To bring it all together we just need to iterate over our forward and back propagation algorithms until we have stopped learning or have reduced our cost or error to it’s lowest possible point.

def Train(self, inputs, outputs, iterations):
    for iteration in range(iterations):
        error = 0.0
 
        # random.shuffle(patterns)
        # turn off random
        randomize = numpy.arange(len(inputs))
        numpy.random.shuffle(randomize)
        inputs = inputs[randomize]
        outputs = outputs[randomize]
 
        self.Feed_Forward(inputs)
        error = self.Back_Propogate(outputs)
        error = numpy.average(error)
        if iteration % 10 == 0:
            print('error %-.5f' % error)
        # learning rate decay
        self.learning_rate = self.learning_rate * (
        self.learning_rate / (self.learning_rate + (self.learning_rate * self.learning_rate_decay)))

That’s it! While there is a lot more glue code and learning that went into this implementation what I have presented here represents the fundamental building blocks of a basic end-to-end speech recognition system. I have made the full project available on GitHub and you can evaluate the code yourself in order to fully comprehend all the details. I’ve also provided a bevy of resources below that helped get me to this point and can do the same for you.

Final Thoughts

You might be asking why a senior leader in my position would spend the time required to go through this exercise. There are some general principles I like to follow and I think anybody managing a research oriented (or really any engineering) team should consider as well. Specifically:

ABL – Always Be Learning: If you want to innovate you need to be up to speed on the latest technology trends.
Earn your team’s respect: The best way to earn the respect of your technical team is to get into the trenches. Show them that you understand their job and all the pain that comes with it. In other words write code (any code), test it, check it in, and push it to production.
Lead by example: If you want your team to “innovate for the masses”, it’s best demonstrate the behaviors you are looking for.

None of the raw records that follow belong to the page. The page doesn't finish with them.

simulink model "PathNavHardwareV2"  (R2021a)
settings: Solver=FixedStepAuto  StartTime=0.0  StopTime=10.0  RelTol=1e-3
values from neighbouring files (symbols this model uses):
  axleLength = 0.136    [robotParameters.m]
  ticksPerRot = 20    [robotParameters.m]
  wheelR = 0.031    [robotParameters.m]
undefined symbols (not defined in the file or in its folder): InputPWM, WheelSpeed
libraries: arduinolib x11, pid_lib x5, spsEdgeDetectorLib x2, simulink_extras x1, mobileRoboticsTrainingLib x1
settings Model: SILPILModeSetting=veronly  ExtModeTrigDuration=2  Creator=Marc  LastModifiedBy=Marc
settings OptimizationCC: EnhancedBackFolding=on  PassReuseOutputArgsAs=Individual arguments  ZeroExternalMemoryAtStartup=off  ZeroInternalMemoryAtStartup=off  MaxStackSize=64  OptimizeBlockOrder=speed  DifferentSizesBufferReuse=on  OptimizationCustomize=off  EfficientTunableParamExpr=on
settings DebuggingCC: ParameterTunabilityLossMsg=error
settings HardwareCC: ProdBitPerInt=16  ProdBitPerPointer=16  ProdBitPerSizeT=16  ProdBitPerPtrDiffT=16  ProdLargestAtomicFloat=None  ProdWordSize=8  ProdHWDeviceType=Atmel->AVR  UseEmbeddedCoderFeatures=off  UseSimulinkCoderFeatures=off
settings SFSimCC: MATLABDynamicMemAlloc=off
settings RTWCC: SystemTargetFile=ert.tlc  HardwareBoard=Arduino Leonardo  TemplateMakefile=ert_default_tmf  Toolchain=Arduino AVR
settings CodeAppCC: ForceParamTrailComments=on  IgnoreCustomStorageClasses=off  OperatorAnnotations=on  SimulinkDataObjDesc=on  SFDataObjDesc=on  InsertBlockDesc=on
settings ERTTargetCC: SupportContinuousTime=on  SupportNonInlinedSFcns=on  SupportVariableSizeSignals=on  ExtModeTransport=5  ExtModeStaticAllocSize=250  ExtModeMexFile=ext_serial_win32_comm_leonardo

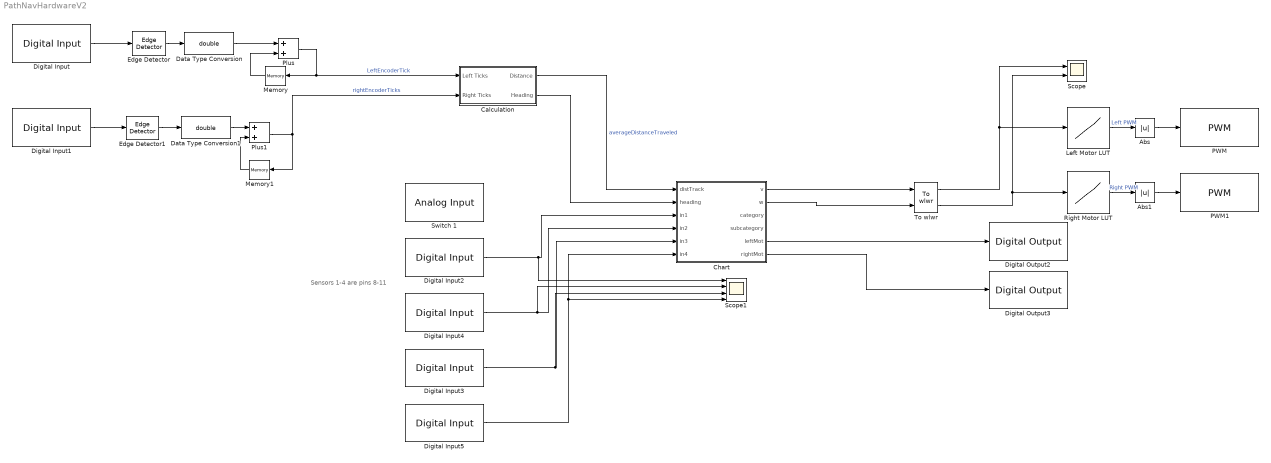
== system PathNavHardwareV2 ==
  note: Sensors 1-4 are pins 8-11
  Abs : Abs
  Abs1 : Abs
  Calculation : Subsystem
  Chart : Stateflow chart  TreatAsAtomicUnit=on
  Data Type Conversion : DataTypeConversion  OutDataTypeStr=double
  Data Type Conversion1 : DataTypeConversion  OutDataTypeStr=double
  Digital Input : arduinolib/Digital Input  pinNumber=2  mode=Default  Direction=input  SampleTime=0.01  blockPlatform=arduino
  Digital Input1 : arduinolib/Digital Input  pinNumber=3  mode=Default  Direction=input  SampleTime=0.01  blockPlatform=arduino
  Digital Input2 : arduinolib/Digital Input  pinNumber=8  mode=Default  Direction=input  SampleTime=0.01  blockPlatform=arduino
  Digital Input3 : arduinolib/Digital Input  pinNumber=10  mode=Default  Direction=input  SampleTime=0.01  blockPlatform=arduino
  Digital Input4 : arduinolib/Digital Input  pinNumber=9  mode=Default  Direction=input  SampleTime=0.01  blockPlatform=arduino
  Digital Input5 : arduinolib/Digital Input  pinNumber=11  mode=Default  Direction=input  SampleTime=0.01  blockPlatform=arduino
  Digital Output2 : arduinolib/Digital Output  pinNumber=4  Direction=output  blockPlatform=arduino
  Digital Output3 : arduinolib/Digital Output  pinNumber=7  Direction=output  blockPlatform=arduino
  Edge Detector : spsEdgeDetectorLib/Edge Detector  model=Either  ic=0  Ts=0
      settings: SourceProductBaseCode=PS
  Edge Detector1 : spsEdgeDetectorLib/Edge Detector  model=Either  ic=0  Ts=0
      settings: SourceProductBaseCode=PS
  Left Motor LUT : Lookup_n-D  NumberOfTableDimensions=1  BreakpointsForDimension1=WheelSpeed  Table=InputPWM  InterpMethod=Nearest  ExtrapMethod=Clip  InternalRulePriority=Speed  RndMeth=Simplest  InputSameDT=on
  Memory : Memory
  Memory1 : Memory
  PWM : arduinolib/PWM  pinNumber=5  frequencyType=Default  desiredFrequency=490.2  achievableFrequency=490.2
  PWM1 : arduinolib/PWM  pinNumber=6  frequencyType=Default  desiredFrequency=490.2  achievableFrequency=490.2
  Plus : Sum
  Plus1 : Sum
  Right Motor LUT : Lookup_n-D  NumberOfTableDimensions=1  BreakpointsForDimension1=WheelSpeed  Table=InputPWM  InterpMethod=Nearest  ExtrapMethod=Clip  InternalRulePriority=Speed  RndMeth=Simplest  InputSameDT=on
  Scope : Scope  NumInputPorts=2
  Scope1 : Scope  NumInputPorts=4
  Switch 1 : arduinolib/Analog Input  pinNumber=0  ReadResultsOnly=off  ConversionTriggerSource=Software  ExternalTriggerType=uint32( 0 )  OutputDataType=uint16  EnableConversionCompleteNotify=off  EnableOuputStatus=off  SampleTime=0.01  blockPlatform=arduino
  To wlwr : mobileRoboticsTrainingLib/To wlwr  axleLength=0.1  wheelR=0.05
  wires:
  Edge Detector1/1 -> Data Type Conversion1/1
  Edge Detector/1 -> Data Type Conversion/1
  Plus1/1 -> Calculation/2(Right Ticks), Memory1/1  "rightEncoderTicks"
  To wlwr/1 -> Scope/1, Left Motor LUT/1
  Digital Input1/1 -> Edge Detector1/1
  Left Motor LUT/1 -> Abs/1  "Left PWM"
  Data Type Conversion/1 -> Plus/1
  Plus/1 -> Calculation/1(Left Ticks), Memory/1  "LeftEncoderTick"
  Digital Input/1 -> Edge Detector/1
  Memory/1 -> Plus/2
  Memory1/1 -> Plus1/2
  Data Type Conversion1/1 -> Plus1/1
  Right Motor LUT/1 -> Abs1/1  "Right PWM"
  To wlwr/2 -> Scope/2, Right Motor LUT/1
  Calculation/1(Distance) -> Chart/1(distTrack)  "averageDistanceTraveled"
  Calculation/2(Heading) -> Chart/2(heading)
  Digital Input2/1 -> Scope1/1, Chart/3(in1)
  Digital Input4/1 -> Scope1/2, Chart/4(in2)
  Digital Input3/1 -> Chart/5(in3), Scope1/3
  Digital Input5/1 -> Scope1/4, Chart/6(in4)
  Chart/1(v) -> To wlwr/1
  Chart/2(w) -> To wlwr/2
  Chart/5(leftMot) -> Digital Output2/1
  Chart/6(rightMot) -> Digital Output3/1
  Abs/1 -> PWM/1
  Abs1/1 -> PWM1/1

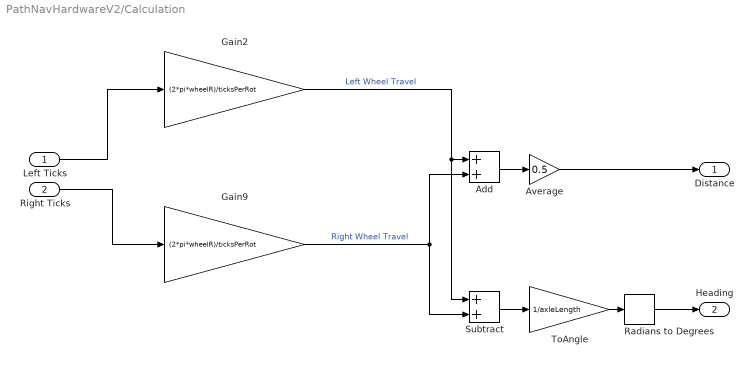
== system PathNavHardwareV2/Calculation ==
  Left Ticks : Inport
  Right Ticks : Inport  Port=2
  Add : Sum
  Average : Gain  Gain=0.5
  Gain2 : Gain  Gain=(2*pi*wheelR)/ticksPerRot
  Gain9 : Gain  Gain=(2*pi*wheelR)/ticksPerRot
  Radians to Degrees : simulink_extras/Transformations/Radians to Degrees
  Subtract : Sum
  ToAngle : Gain  Gain=1/axleLength
  Distance : Outport
  Heading : Outport  Port=2
  wires:
  Average/1 -> Distance/1
  Add/1 -> Average/1
  Gain2/1 -> Subtract/1, Add/1  "Left Wheel Travel"
  Right Ticks/1 -> Gain9/1
  Left Ticks/1 -> Gain2/1
  Gain9/1 -> Subtract/2, Add/2  "Right Wheel Travel"
  Subtract/1 -> ToAngle/1
  ToAngle/1 -> Radians to Degrees/1
  Radians to Degrees/1 -> Heading/1

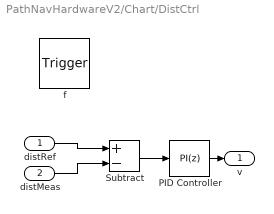
== system PathNavHardwareV2/Chart/DistCtrl ==
  distRef : Inport  OutDataTypeStr=double  PortDimensions=1
  distMeas : Inport  Port=2  OutDataTypeStr=double  PortDimensions=1
  f : TriggerPort  TriggerType=function-call  VariantControl=Variant
      settings: CopyFcn=Stateflow.SLINSF.SimulinkMan.removeBlockPreDeleteFcn  PreDeleteFcn=Stateflow.SLINSF.SimulinkMan.unsafePredeleteFcn
  PID Controller : pid_lib/PID Controller  Controller=PI  Form=Parallel  TimeDomain=Discrete-time  UseExternalTs=off  SampleTime=-1  IntegratorMethod=Forward Euler  FilterMethod=Forward Euler  ControllerParametersSource=internal  P=1.1  I=0.2  D=-0.0140783779685636  UseFilter=off  N=151.701833251505  TunerSelectOption=Transfer Function Based (PID Tuner App)  InitialConditionSource=internal  InitialConditionForIntegrator=0  InitialConditionForFilter=0  DifferentiatorICPrevScaledInput=0  ExternalReset=none  TrackingMode=off  Kt=1  LimitOutput=on  SatLimitsSource=internal  UpperSaturationLimit=0.6  LowerSaturationLimit=-0.6  LinearizeAsGain=on  AntiWindupMode=clamping  Kb=1  POutMin=[]  POutMax=[]  IOutMin=[]  IOutMax=[]  DOutMin=[]  DOutMax=[]  NOutMin=[]  NOutMax=[]  SumOutMin=[]  SumOutMax=[]  SaturationOutMin=[]  SaturationOutMax=[]  PParamMin=[]  PParamMax=[]  IParamMin=[]  IParamMax=[]  DParamMin=[]  DParamMax=[]  NParamMin=[]  NParamMax=[]  KbParamMin=[]  KbParamMax=[]  KtParamMin=[]  KtParamMax=[]  KbOutMin=[]  KbOutMax=[]  KtOutMin=[]  KtOutMax=[]  IntegratorOutMin=[]  IntegratorOutMax=[]  FilterOutMin=[]  FilterOutMax=[]  SumI1OutMin=[]  SumI1OutMax=[]  SumI2OutMin=[]  SumI2OutMax=[]  SumI3OutMin=[]  SumI3OutMax=[]  SumI4OutMin=[]  SumI4OutMax=[]  SumDOutMin=[]  SumDOutMax=[]  DifferentiatorOutMin=[]  DifferentiatorOutMax=[]  FilterDiffOutCoefMin=[]  FilterDiffOutCoefMax=[]  ReciprocalOutMin=[]  ReciprocalOutMax=[]  SumDenOutMin=[]  SumDenOutMax=[]  SumNumOutMin=[]  SumNumOutMax=[]  DivideOutMin=[]  DivideOutMax=[]  UdiffTsProdOutMin=[]  UdiffTsProdOutMax=[]  NTsProdOutMin=[]  NTsProdOutMax=[]  UintegralTsProdOutMin=[]  UintegralTsProdOutMax=[]  UngainTsProdOutMin=[]  UngainTsProdOutMax=[]  IntegratorContinuousStateAttributes=''  IntegratorStateMustResolveToSignalObject=off  IntegratorRTWStateStorageClass=Auto  FilterContinuousStateAttributes=''  FilterStateMustResolveToSignalObject=off  FilterRTWStateStorageClass=Auto  ParallelPVariant=InternalParameters  IdealPVariant=Disabled  IVariant=InternalParameters  DVariant=Disabled  IntegratorVariant=Discrete  SatVariant=Enabled  AWVariant=DiscClampingParallel  PCopyVariant=Disabled  TRVariant=Disabled  FdbkBlocksVariant=Forward  IdealPFdbkVariant=Disabled  SatFdbkVariant=Disabled  DerivativeFilterVariant=Disabled  NVariant=Disabled  NCopyVariant=Disabled_SignalSpec  FilterICVariant=Disabled  IntegratorICVariant=InternalICs  ExternalResetVariant=Disabled  TRSumVariant=Passthrough  SumFdbkVariant=Disabled  SumVariant=Sum_PI  TsampFilterVariant=InternalTs  TsampNgainVariant=Passthrough  TsampIntegralVariant=Passthrough  ExternalSaturationOutDataTypeStr=Inherit: Same as second input  InitialConditionSetting=Output
  Subtract : Sum  Inputs=+-
  v : Outport
  wires:
  Subtract/1 -> PID Controller/1
  PID Controller/1 -> v/1
  distRef/1 -> Subtract/1
  distMeas/1 -> Subtract/2

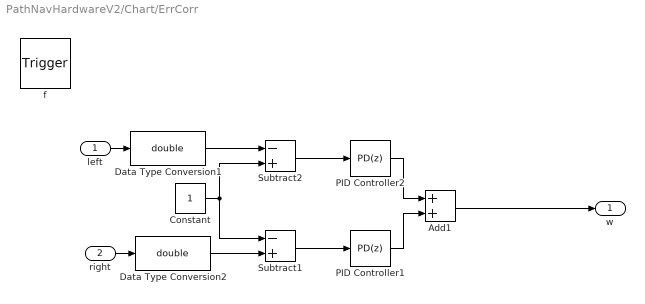
== system PathNavHardwareV2/Chart/ErrCorr ==
  left : Inport  OutDataTypeStr=double  PortDimensions=1
  right : Inport  Port=2  OutDataTypeStr=double  PortDimensions=1
  f : TriggerPort  TriggerType=function-call  VariantControl=(inherit)
      settings: CopyFcn=Stateflow.SLINSF.SimulinkMan.removeBlockPreDeleteFcn  PreDeleteFcn=Stateflow.SLINSF.SimulinkMan.unsafePredeleteFcn
  Add1 : Sum
  Constant : Constant
  Data Type Conversion1 : DataTypeConversion  OutDataTypeStr=double
  Data Type Conversion2 : DataTypeConversion  OutDataTypeStr=double
  PID Controller1 : pid_lib/PID Controller  Controller=PD  Form=Parallel  TimeDomain=Discrete-time  UseExternalTs=off  SampleTime=-1  IntegratorMethod=Forward Euler  FilterMethod=Forward Euler  ControllerParametersSource=internal  P=1.5  I=1  D=1e-5  UseFilter=on  N=100  TunerSelectOption=Transfer Function Based (PID Tuner App)  InitialConditionSource=internal  InitialConditionForIntegrator=0  InitialConditionForFilter=0  DifferentiatorICPrevScaledInput=0  ExternalReset=none  TrackingMode=off  Kt=1  LimitOutput=off  SatLimitsSource=internal  UpperSaturationLimit=inf  LowerSaturationLimit=-inf  LinearizeAsGain=on  AntiWindupMode=none  Kb=1  POutMin=[]  POutMax=[]  IOutMin=[]  IOutMax=[]  DOutMin=[]  DOutMax=[]  NOutMin=[]  NOutMax=[]  SumOutMin=[]  SumOutMax=[]  SaturationOutMin=[]  SaturationOutMax=[]  PParamMin=[]  PParamMax=[]  IParamMin=[]  IParamMax=[]  DParamMin=[]  DParamMax=[]  NParamMin=[]  NParamMax=[]  KbParamMin=[]  KbParamMax=[]  KtParamMin=[]  KtParamMax=[]  KbOutMin=[]  KbOutMax=[]  KtOutMin=[]  KtOutMax=[]  IntegratorOutMin=[]  IntegratorOutMax=[]  FilterOutMin=[]  FilterOutMax=[]  SumI1OutMin=[]  SumI1OutMax=[]  SumI2OutMin=[]  SumI2OutMax=[]  SumI3OutMin=[]  SumI3OutMax=[]  SumI4OutMin=[]  SumI4OutMax=[]  SumDOutMin=[]  SumDOutMax=[]  DifferentiatorOutMin=[]  DifferentiatorOutMax=[]  FilterDiffOutCoefMin=[]  FilterDiffOutCoefMax=[]  ReciprocalOutMin=[]  ReciprocalOutMax=[]  SumDenOutMin=[]  SumDenOutMax=[]  SumNumOutMin=[]  SumNumOutMax=[]  DivideOutMin=[]  DivideOutMax=[]  UdiffTsProdOutMin=[]  UdiffTsProdOutMax=[]  NTsProdOutMin=[]  NTsProdOutMax=[]  UintegralTsProdOutMin=[]  UintegralTsProdOutMax=[]  UngainTsProdOutMin=[]  UngainTsProdOutMax=[]  IntegratorContinuousStateAttributes=''  IntegratorStateMustResolveToSignalObject=off  IntegratorRTWStateStorageClass=Auto  FilterContinuousStateAttributes=''  FilterStateMustResolveToSignalObject=off  FilterRTWStateStorageClass=Auto  ParallelPVariant=InternalParameters  IdealPVariant=Disabled  IVariant=Disabled  DVariant=InternalParameters  IntegratorVariant=Disabled  SatVariant=Disabled  AWVariant=Disabled  PCopyVariant=Disabled  TRVariant=Disabled  FdbkBlocksVariant=Forward  IdealPFdbkVariant=Disabled  SatFdbkVariant=Disabled  DerivativeFilterVariant=ForwardEulerFilter  NVariant=InternalParameters  NCopyVariant=Disabled  FilterICVariant=InternalICsFilter  IntegratorICVariant=Disabled  ExternalResetVariant=Disabled  TRSumVariant=Passthrough  SumFdbkVariant=Disabled  SumVariant=Sum_PD  TsampFilterVariant=InternalTs  TsampNgainVariant=Passthrough  TsampIntegralVariant=Disabled_SignalSpec  ExternalSaturationOutDataTypeStr=Inherit: Same as second input  InitialConditionSetting=Output
  PID Controller2 : pid_lib/PID Controller  Controller=PD  Form=Parallel  TimeDomain=Discrete-time  UseExternalTs=off  SampleTime=-1  IntegratorMethod=Forward Euler  FilterMethod=Forward Euler  ControllerParametersSource=internal  P=1.5  I=1  D=1e-5  UseFilter=on  N=100  TunerSelectOption=Transfer Function Based (PID Tuner App)  InitialConditionSource=internal  InitialConditionForIntegrator=0  InitialConditionForFilter=0  DifferentiatorICPrevScaledInput=0  ExternalReset=none  TrackingMode=off  Kt=1  LimitOutput=off  SatLimitsSource=internal  UpperSaturationLimit=inf  LowerSaturationLimit=-inf  LinearizeAsGain=on  AntiWindupMode=none  Kb=1  POutMin=[]  POutMax=[]  IOutMin=[]  IOutMax=[]  DOutMin=[]  DOutMax=[]  NOutMin=[]  NOutMax=[]  SumOutMin=[]  SumOutMax=[]  SaturationOutMin=[]  SaturationOutMax=[]  PParamMin=[]  PParamMax=[]  IParamMin=[]  IParamMax=[]  DParamMin=[]  DParamMax=[]  NParamMin=[]  NParamMax=[]  KbParamMin=[]  KbParamMax=[]  KtParamMin=[]  KtParamMax=[]  KbOutMin=[]  KbOutMax=[]  KtOutMin=[]  KtOutMax=[]  IntegratorOutMin=[]  IntegratorOutMax=[]  FilterOutMin=[]  FilterOutMax=[]  SumI1OutMin=[]  SumI1OutMax=[]  SumI2OutMin=[]  SumI2OutMax=[]  SumI3OutMin=[]  SumI3OutMax=[]  SumI4OutMin=[]  SumI4OutMax=[]  SumDOutMin=[]  SumDOutMax=[]  DifferentiatorOutMin=[]  DifferentiatorOutMax=[]  FilterDiffOutCoefMin=[]  FilterDiffOutCoefMax=[]  ReciprocalOutMin=[]  ReciprocalOutMax=[]  SumDenOutMin=[]  SumDenOutMax=[]  SumNumOutMin=[]  SumNumOutMax=[]  DivideOutMin=[]  DivideOutMax=[]  UdiffTsProdOutMin=[]  UdiffTsProdOutMax=[]  NTsProdOutMin=[]  NTsProdOutMax=[]  UintegralTsProdOutMin=[]  UintegralTsProdOutMax=[]  UngainTsProdOutMin=[]  UngainTsProdOutMax=[]  IntegratorContinuousStateAttributes=''  IntegratorStateMustResolveToSignalObject=off  IntegratorRTWStateStorageClass=Auto  FilterContinuousStateAttributes=''  FilterStateMustResolveToSignalObject=off  FilterRTWStateStorageClass=Auto  ParallelPVariant=InternalParameters  IdealPVariant=Disabled  IVariant=Disabled  DVariant=InternalParameters  IntegratorVariant=Disabled  SatVariant=Disabled  AWVariant=Disabled  PCopyVariant=Disabled  TRVariant=Disabled  FdbkBlocksVariant=Forward  IdealPFdbkVariant=Disabled  SatFdbkVariant=Disabled  DerivativeFilterVariant=ForwardEulerFilter  NVariant=InternalParameters  NCopyVariant=Disabled  FilterICVariant=InternalICsFilter  IntegratorICVariant=Disabled  ExternalResetVariant=Disabled  TRSumVariant=Passthrough  SumFdbkVariant=Disabled  SumVariant=Sum_PD  TsampFilterVariant=InternalTs  TsampNgainVariant=Passthrough  TsampIntegralVariant=Disabled_SignalSpec  ExternalSaturationOutDataTypeStr=Inherit: Same as second input  InitialConditionSetting=Output
  Subtract1 : Sum  Inputs=-+
  Subtract2 : Sum  Inputs=-+
  w : Outport
  wires:
  Subtract2/1 -> PID Controller2/1
  Subtract1/1 -> PID Controller1/1
  PID Controller1/1 -> Add1/2
  Constant/1 -> Subtract2/2, Subtract1/1
  left/1 -> Data Type Conversion1/1
  right/1 -> Data Type Conversion2/1
  PID Controller2/1 -> Add1/1
  Data Type Conversion2/1 -> Subtract1/2
  Data Type Conversion1/1 -> Subtract2/1
  Add1/1 -> w/1

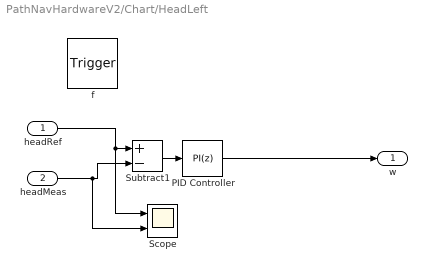
== system PathNavHardwareV2/Chart/HeadLeft ==
  headRef : Inport  OutDataTypeStr=double  PortDimensions=1
  headMeas : Inport  Port=2  OutDataTypeStr=double  PortDimensions=1
  f : TriggerPort  TriggerType=function-call  VariantControl=(inherit)
      settings: CopyFcn=Stateflow.SLINSF.SimulinkMan.removeBlockPreDeleteFcn  PreDeleteFcn=Stateflow.SLINSF.SimulinkMan.unsafePredeleteFcn
  PID Controller : pid_lib/PID Controller  Controller=PI  Form=Parallel  TimeDomain=Discrete-time  UseExternalTs=off  SampleTime=-1  IntegratorMethod=Forward Euler  FilterMethod=Forward Euler  ControllerParametersSource=internal  P=0.1  I=0.001  D=-0.0140783779685636  UseFilter=off  N=151.701833251505  TunerSelectOption=Transfer Function Based (PID Tuner App)  InitialConditionSource=internal  InitialConditionForIntegrator=0  InitialConditionForFilter=0  DifferentiatorICPrevScaledInput=0  ExternalReset=none  TrackingMode=off  Kt=1  LimitOutput=on  SatLimitsSource=internal  UpperSaturationLimit=4  LowerSaturationLimit=-4  LinearizeAsGain=on  AntiWindupMode=clamping  Kb=1  POutMin=[]  POutMax=[]  IOutMin=[]  IOutMax=[]  DOutMin=[]  DOutMax=[]  NOutMin=[]  NOutMax=[]  SumOutMin=[]  SumOutMax=[]  SaturationOutMin=[]  SaturationOutMax=[]  PParamMin=[]  PParamMax=[]  IParamMin=[]  IParamMax=[]  DParamMin=[]  DParamMax=[]  NParamMin=[]  NParamMax=[]  KbParamMin=[]  KbParamMax=[]  KtParamMin=[]  KtParamMax=[]  KbOutMin=[]  KbOutMax=[]  KtOutMin=[]  KtOutMax=[]  IntegratorOutMin=[]  IntegratorOutMax=[]  FilterOutMin=[]  FilterOutMax=[]  SumI1OutMin=[]  SumI1OutMax=[]  SumI2OutMin=[]  SumI2OutMax=[]  SumI3OutMin=[]  SumI3OutMax=[]  SumI4OutMin=[]  SumI4OutMax=[]  SumDOutMin=[]  SumDOutMax=[]  DifferentiatorOutMin=[]  DifferentiatorOutMax=[]  FilterDiffOutCoefMin=[]  FilterDiffOutCoefMax=[]  ReciprocalOutMin=[]  ReciprocalOutMax=[]  SumDenOutMin=[]  SumDenOutMax=[]  SumNumOutMin=[]  SumNumOutMax=[]  DivideOutMin=[]  DivideOutMax=[]  UdiffTsProdOutMin=[]  UdiffTsProdOutMax=[]  NTsProdOutMin=[]  NTsProdOutMax=[]  UintegralTsProdOutMin=[]  UintegralTsProdOutMax=[]  UngainTsProdOutMin=[]  UngainTsProdOutMax=[]  IntegratorContinuousStateAttributes=''  IntegratorStateMustResolveToSignalObject=off  IntegratorRTWStateStorageClass=Auto  FilterContinuousStateAttributes=''  FilterStateMustResolveToSignalObject=off  FilterRTWStateStorageClass=Auto  ParallelPVariant=InternalParameters  IdealPVariant=Disabled  IVariant=InternalParameters  DVariant=Disabled  IntegratorVariant=Discrete  SatVariant=Enabled  AWVariant=DiscClampingParallel  PCopyVariant=Disabled  TRVariant=Disabled  FdbkBlocksVariant=Forward  IdealPFdbkVariant=Disabled  SatFdbkVariant=Disabled  DerivativeFilterVariant=Disabled  NVariant=Disabled  NCopyVariant=Disabled_SignalSpec  FilterICVariant=Disabled  IntegratorICVariant=InternalICs  ExternalResetVariant=Disabled  TRSumVariant=Passthrough  SumFdbkVariant=Disabled  SumVariant=Sum_PI  TsampFilterVariant=InternalTs  TsampNgainVariant=Passthrough  TsampIntegralVariant=Passthrough  ExternalSaturationOutDataTypeStr=Inherit: Same as second input  InitialConditionSetting=Output
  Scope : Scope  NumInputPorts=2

Hopefully this post has given you a basic understanding of end-to-end speech recognition systems and neural networks If you’re really brave perhaps you’ve learned how to build your own simple end-to-end recognizer. But if you take nothing else away from this article I hope it’s that you’ll invest your time improving your own technical skills and getting in the trenches to earn your team’s respect.

In an upcoming post I’ll dig deeper into end-to-end speech recognition algorithms and how they work. Specifically we’ll cover recurrent neural networks and the connectionist temporal classification algorithms that truly allow these systems to be superior over traditional speech recognition systems. In the mean time I hope you get a chance to “wreck a nice beach”!

References

“How to build a simple neural network in 9 lines of Python code” – Milo Spencer-Harper
“How to build a multi-layered neural network in Python” – Milo Spencer-Harper
“Understanding and coding Neural Networks from Scratch in Python and R” – Sunil Ray
“How to Compute the Derivative of Sigmoid Function (fully worked example)” – Jeremy (no last name)
“Practical recommendation for Gradient-Based Training of Deep Architectures” – Yoshua Bengio
“How to train your Deep Neural Network” – Rishabh Shukla
“Understanding the difficulty of training deep feedforward neural networks” – Xavier Glorot and Yoshua Bengio
“Deep Learning Basics: Neural Networks, Backpropegation, and stochastic Gradient Descent” – Alex Minnaar
“Speech Recognition: You down with CTC” – Karl N.
“Deep Speech: Scaling up end-to-end speech recognition” – Andrew Y. Ng et al.
“Connectionist Temporal Classification: Labeling Unsegmented Sequence Data with Recurrent Neural Networks” – Alex Graves et al.